> **Problem details**
Set down each line of the material that follows exactly, and leave its pictures out.

> **Dataset excerpts**
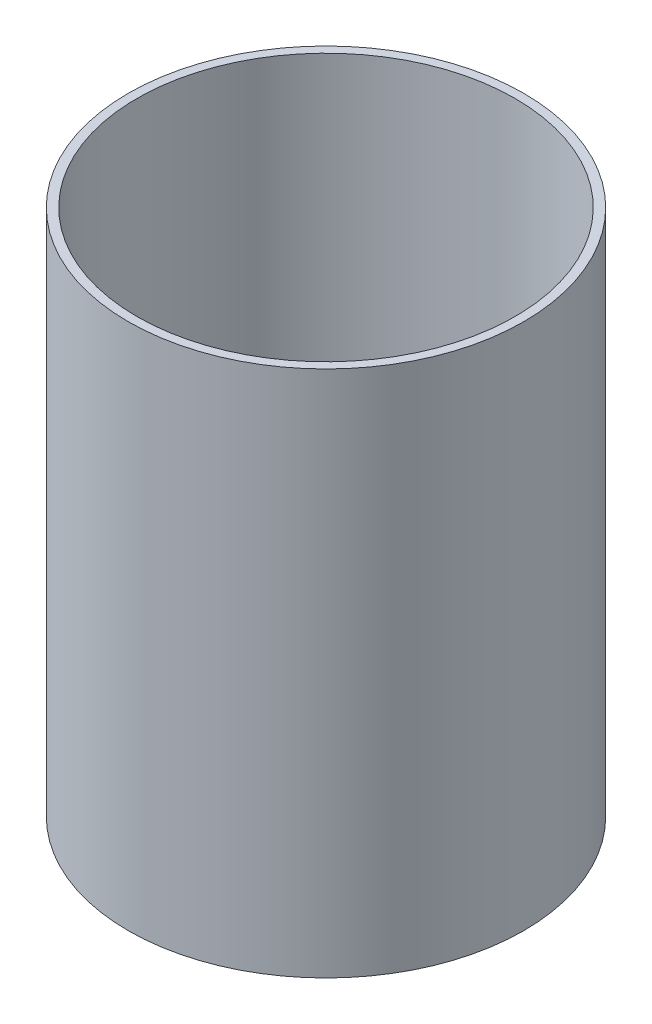
ISO-10303-21;
HEADER;
FILE_DESCRIPTION(('STEP AP214'),'2;1');
FILE_NAME('part.step','',(''),(''),'','','');
FILE_SCHEMA(('AUTOMOTIVE_DESIGN { 1 0 10303 214 1 1 1 1 }'));
ENDSEC;
DATA;
#1=APPLICATION_CONTEXT('core data for automotive mechanical design processes');
#2=APPLICATION_PROTOCOL_DEFINITION('international standard','automotive_design',2000,#1);
#3=PRODUCT_CONTEXT('',#1,'mechanical');
#4=PRODUCT('Part','Part','',(#3));
#5=PRODUCT_RELATED_PRODUCT_CATEGORY('part','',(#4));
#6=PRODUCT_DEFINITION_FORMATION('','',#4);
#7=PRODUCT_DEFINITION_CONTEXT('part definition',#1,'design');
#8=PRODUCT_DEFINITION('design','',#6,#7);
#9=PRODUCT_DEFINITION_SHAPE('','',#8);
#10=(LENGTH_UNIT() NAMED_UNIT(*) SI_UNIT(.MILLI.,.METRE.));
#11=(NAMED_UNIT(*) PLANE_ANGLE_UNIT() SI_UNIT($,.RADIAN.));
#12=(NAMED_UNIT(*) SI_UNIT($,.STERADIAN.) SOLID_ANGLE_UNIT());
#13=UNCERTAINTY_MEASURE_WITH_UNIT(LENGTH_MEASURE(1.E-05),#10,'distance_accuracy_value','');
#14=(GEOMETRIC_REPRESENTATION_CONTEXT(3) GLOBAL_UNCERTAINTY_ASSIGNED_CONTEXT((#13)) GLOBAL_UNIT_ASSIGNED_CONTEXT((#10,
#11,#12)) REPRESENTATION_CONTEXT('',''));
#15=CARTESIAN_POINT('',(0.,0.,0.));
#16=DIRECTION('',(0.,0.,1.));
#17=DIRECTION('',(1.,0.,0.));
#18=AXIS2_PLACEMENT_3D('',#15,#16,#17);
#19=CARTESIAN_POINT('',(0.,120.,0.));
#20=DIRECTION('',(0.,-1.,0.));
#21=DIRECTION('',(0.,0.,-1.));
#22=AXIS2_PLACEMENT_3D('',#19,#20,#21);
#23=CYLINDRICAL_SURFACE('',#22,45.);
#24=CARTESIAN_POINT('',(0.,120.,0.));
#25=DIRECTION('',(0.,1.,0.));
#26=DIRECTION('',(0.,0.,1.));
#27=AXIS2_PLACEMENT_3D('',#24,#25,#26);
#28=CIRCLE('',#27,45.);
#29=CARTESIAN_POINT('',(0.,120.,45.));
#30=VERTEX_POINT('',#29);
#31=EDGE_CURVE('E10',#30,#30,#28,.T.);
#32=ORIENTED_EDGE('',*,*,#31,.F.);
#33=EDGE_LOOP('',(#32));
#34=FACE_BOUND('',#33,.T.);
#35=CARTESIAN_POINT('',(0.,0.,0.));
#36=DIRECTION('',(0.,1.,0.));
#37=DIRECTION('',(0.,0.,1.));
#38=AXIS2_PLACEMENT_3D('',#35,#36,#37);
#39=CIRCLE('',#38,45.);
#40=CARTESIAN_POINT('',(0.,0.,45.));
#41=VERTEX_POINT('',#40);
#42=EDGE_CURVE('E42',#41,#41,#39,.T.);
#43=ORIENTED_EDGE('',*,*,#42,.T.);
#44=EDGE_LOOP('',(#43));
#45=FACE_BOUND('',#44,.T.);
#46=ADVANCED_FACE('F41',(#34,#45),#23,.T.);
#47=CARTESIAN_POINT('',(0.,120.,0.));
#48=DIRECTION('',(0.,1.,0.));
#49=DIRECTION('',(0.,0.,1.));
#50=AXIS2_PLACEMENT_3D('',#47,#48,#49);
#51=PLANE('',#50);
#52=CARTESIAN_POINT('',(0.,120.,0.));
#53=DIRECTION('',(0.,1.,0.));
#54=DIRECTION('',(0.,0.,1.));
#55=AXIS2_PLACEMENT_3D('',#52,#53,#54);
#56=CIRCLE('',#55,43.);
#57=CARTESIAN_POINT('',(0.,120.,43.));
#58=VERTEX_POINT('',#57);
#59=EDGE_CURVE('E52',#58,#58,#56,.T.);
#60=ORIENTED_EDGE('',*,*,#59,.F.);
#61=EDGE_LOOP('',(#60));
#62=FACE_BOUND('',#61,.T.);
#63=ORIENTED_EDGE('',*,*,#31,.T.);
#64=EDGE_LOOP('',(#63));
#65=FACE_BOUND('',#64,.T.);
#66=ADVANCED_FACE('F66',(#62,#65),#51,.T.);
#67=CARTESIAN_POINT('',(0.,0.,0.));
#68=DIRECTION('',(0.,1.,0.));
#69=DIRECTION('',(0.,0.,1.));
#70=AXIS2_PLACEMENT_3D('',#67,#68,#69);
#71=PLANE('',#70);
#72=ORIENTED_EDGE('',*,*,#42,.F.);
#73=EDGE_LOOP('',(#72));
#74=FACE_BOUND('',#73,.T.);
#75=ADVANCED_FACE('F63',(#74),#71,.F.);
#76=CARTESIAN_POINT('',(0.,2.99999999999999,0.));
#77=DIRECTION('',(0.,1.,0.));
#78=DIRECTION('',(0.,0.,1.));
#79=AXIS2_PLACEMENT_3D('',#76,#77,#78);
#80=CYLINDRICAL_SURFACE('',#79,43.);
#81=CARTESIAN_POINT('',(0.,2.99999999999999,0.));
#82=DIRECTION('',(0.,1.,0.));
#83=DIRECTION('',(0.,0.,1.));
#84=AXIS2_PLACEMENT_3D('',#81,#82,#83);
#85=CIRCLE('',#84,43.);
#86=CARTESIAN_POINT('',(0.,2.99999999999999,43.));
#87=VERTEX_POINT('',#86);
#88=EDGE_CURVE('E51',#87,#87,#85,.T.);
#89=ORIENTED_EDGE('',*,*,#88,.F.);
#90=EDGE_LOOP('',(#89));
#91=FACE_BOUND('',#90,.T.);
#92=ORIENTED_EDGE('',*,*,#59,.T.);
#93=EDGE_LOOP('',(#92));
#94=FACE_BOUND('',#93,.T.);
#95=ADVANCED_FACE('F61',(#91,#94),#80,.F.);
#96=CARTESIAN_POINT('',(0.,2.99999999999999,0.));
#97=DIRECTION('',(0.,1.,0.));
#98=DIRECTION('',(0.,0.,1.));
#99=AXIS2_PLACEMENT_3D('',#96,#97,#98);
#100=PLANE('',#99);
#101=ORIENTED_EDGE('',*,*,#88,.T.);
#102=EDGE_LOOP('',(#101));
#103=FACE_BOUND('',#102,.T.);
#104=ADVANCED_FACE('F56',(#103),#100,.T.);
#105=CLOSED_SHELL('',(#46,#66,#75,#95,#104));
#106=MANIFOLD_SOLID_BREP('B2',#105);
#107=ADVANCED_BREP_SHAPE_REPRESENTATION('',(#18,#106),#14);
#108=SHAPE_DEFINITION_REPRESENTATION(#9,#107);
ENDSEC;
END-ISO-10303-21;

> **Result of this exercise**
ISO-10303-21;
HEADER;
FILE_DESCRIPTION(('STEP AP214'),'2;1');
FILE_NAME('part.step','',(''),(''),'','','');
FILE_SCHEMA(('AUTOMOTIVE_DESIGN { 1 0 10303 214 1 1 1 1 }'));
ENDSEC;
DATA;
#1=APPLICATION_CONTEXT('core data for automotive mechanical design processes');
#2=APPLICATION_PROTOCOL_DEFINITION('international standard','automotive_design',2000,#1);
#3=PRODUCT_CONTEXT('',#1,'mechanical');
#4=PRODUCT('Part','Part','',(#3));
#5=PRODUCT_RELATED_PRODUCT_CATEGORY('part','',(#4));
#6=PRODUCT_DEFINITION_FORMATION('','',#4);
#7=PRODUCT_DEFINITION_CONTEXT('part definition',#1,'design');
#8=PRODUCT_DEFINITION('design','',#6,#7);
#9=PRODUCT_DEFINITION_SHAPE('','',#8);
#10=(LENGTH_UNIT() NAMED_UNIT(*) SI_UNIT(.MILLI.,.METRE.));
#11=(NAMED_UNIT(*) PLANE_ANGLE_UNIT() SI_UNIT($,.RADIAN.));
#12=(NAMED_UNIT(*) SI_UNIT($,.STERADIAN.) SOLID_ANGLE_UNIT());
#13=UNCERTAINTY_MEASURE_WITH_UNIT(LENGTH_MEASURE(1.E-05),#10,'distance_accuracy_value','');
#14=(GEOMETRIC_REPRESENTATION_CONTEXT(3) GLOBAL_UNCERTAINTY_ASSIGNED_CONTEXT((#13)) GLOBAL_UNIT_ASSIGNED_CONTEXT((#10,
#11,#12)) REPRESENTATION_CONTEXT('',''));
#15=CARTESIAN_POINT('',(0.,0.,0.));
#16=DIRECTION('',(0.,0.,1.));
#17=DIRECTION('',(1.,0.,0.));
#18=AXIS2_PLACEMENT_3D('',#15,#16,#17);
#19=CARTESIAN_POINT('',(0.,120.,0.));
#20=DIRECTION('',(0.,-1.,0.));
#21=DIRECTION('',(0.,0.,-1.));
#22=AXIS2_PLACEMENT_3D('',#19,#20,#21);
#23=CYLINDRICAL_SURFACE('',#22,45.);
#24=CARTESIAN_POINT('',(0.,120.,0.));
#25=DIRECTION('',(0.,1.,0.));
#26=DIRECTION('',(0.,0.,1.));
#27=AXIS2_PLACEMENT_3D('',#24,#25,#26);
#28=CIRCLE('',#27,45.);
#29=CARTESIAN_POINT('',(0.,120.,45.));
#30=VERTEX_POINT('',#29);
#31=EDGE_CURVE('E10',#30,#30,#28,.T.);
#32=ORIENTED_EDGE('',*,*,#31,.F.);
#33=EDGE_LOOP('',(#32));
#34=FACE_BOUND('',#33,.T.);
#35=CARTESIAN_POINT('',(0.,0.,0.));
#36=DIRECTION('',(0.,1.,0.));
#37=DIRECTION('',(0.,0.,1.));
#38=AXIS2_PLACEMENT_3D('',#35,#36,#37);
#39=CIRCLE('',#38,45.);
#40=CARTESIAN_POINT('',(0.,0.,45.));
#41=VERTEX_POINT('',#40);
#42=EDGE_CURVE('E42',#41,#41,#39,.T.);
#43=ORIENTED_EDGE('',*,*,#42,.T.);
#44=EDGE_LOOP('',(#43));
#45=FACE_BOUND('',#44,.T.);
#46=ADVANCED_FACE('F41',(#34,#45),#23,.T.);
#47=CARTESIAN_POINT('',(0.,120.,0.));
#48=DIRECTION('',(0.,1.,0.));
#49=DIRECTION('',(0.,0.,1.));
#50=AXIS2_PLACEMENT_3D('',#47,#48,#49);
#51=PLANE('',#50);
#52=CARTESIAN_POINT('',(0.,120.,0.));
#53=DIRECTION('',(0.,1.,0.));
#54=DIRECTION('',(0.,0.,1.));
#55=AXIS2_PLACEMENT_3D('',#52,#53,#54);
#56=CIRCLE('',#55,43.);
#57=CARTESIAN_POINT('',(0.,120.,43.));
#58=VERTEX_POINT('',#57);
#59=EDGE_CURVE('E52',#58,#58,#56,.T.);
#60=ORIENTED_EDGE('',*,*,#59,.F.);
#61=EDGE_LOOP('',(#60));
#62=FACE_BOUND('',#61,.T.);
#63=ORIENTED_EDGE('',*,*,#31,.T.);
#64=EDGE_LOOP('',(#63));
#65=FACE_BOUND('',#64,.T.);
#66=ADVANCED_FACE('F66',(#62,#65),#51,.T.);
#67=CARTESIAN_POINT('',(0.,0.,0.));
#68=DIRECTION('',(0.,1.,0.));
#69=DIRECTION('',(0.,0.,1.));
#70=AXIS2_PLACEMENT_3D('',#67,#68,#69);
#71=PLANE('',#70);
#72=ORIENTED_EDGE('',*,*,#42,.F.);
#73=EDGE_LOOP('',(#72));
#74=FACE_BOUND('',#73,.T.);
#75=ADVANCED_FACE('F63',(#74),#71,.F.);
#76=CARTESIAN_POINT('',(0.,2.99999999999999,0.));
#77=DIRECTION('',(0.,1.,0.));
#78=DIRECTION('',(0.,0.,1.));
#79=AXIS2_PLACEMENT_3D('',#76,#77,#78);
#80=CYLINDRICAL_SURFACE('',#79,43.);
#81=CARTESIAN_POINT('',(0.,2.99999999999999,0.));
#82=DIRECTION('',(0.,1.,0.));
#83=DIRECTION('',(0.,0.,1.));
#84=AXIS2_PLACEMENT_3D('',#81,#82,#83);
#85=CIRCLE('',#84,43.);
#86=CARTESIAN_POINT('',(0.,2.99999999999999,43.));
#87=VERTEX_POINT('',#86);
#88=EDGE_CURVE('E51',#87,#87,#85,.T.);
#89=ORIENTED_EDGE('',*,*,#88,.F.);
#90=EDGE_LOOP('',(#89));
#91=FACE_BOUND('',#90,.T.);
#92=ORIENTED_EDGE('',*,*,#59,.T.);
#93=EDGE_LOOP('',(#92));
#94=FACE_BOUND('',#93,.T.);
#95=ADVANCED_FACE('F61',(#91,#94),#80,.F.);
#96=CARTESIAN_POINT('',(0.,2.99999999999999,0.));
#97=DIRECTION('',(0.,1.,0.));
#98=DIRECTION('',(0.,0.,1.));
#99=AXIS2_PLACEMENT_3D('',#96,#97,#98);
#100=PLANE('',#99);
#101=ORIENTED_EDGE('',*,*,#88,.T.);
#102=EDGE_LOOP('',(#101));
#103=FACE_BOUND('',#102,.T.);
#104=ADVANCED_FACE('F56',(#103),#100,.T.);
#105=CLOSED_SHELL('',(#46,#66,#75,#95,#104));
#106=MANIFOLD_SOLID_BREP('B2',#105);
#107=ADVANCED_BREP_SHAPE_REPRESENTATION('',(#18,#106),#14);
#108=SHAPE_DEFINITION_REPRESENTATION(#9,#107);
ENDSEC;
END-ISO-10303-21;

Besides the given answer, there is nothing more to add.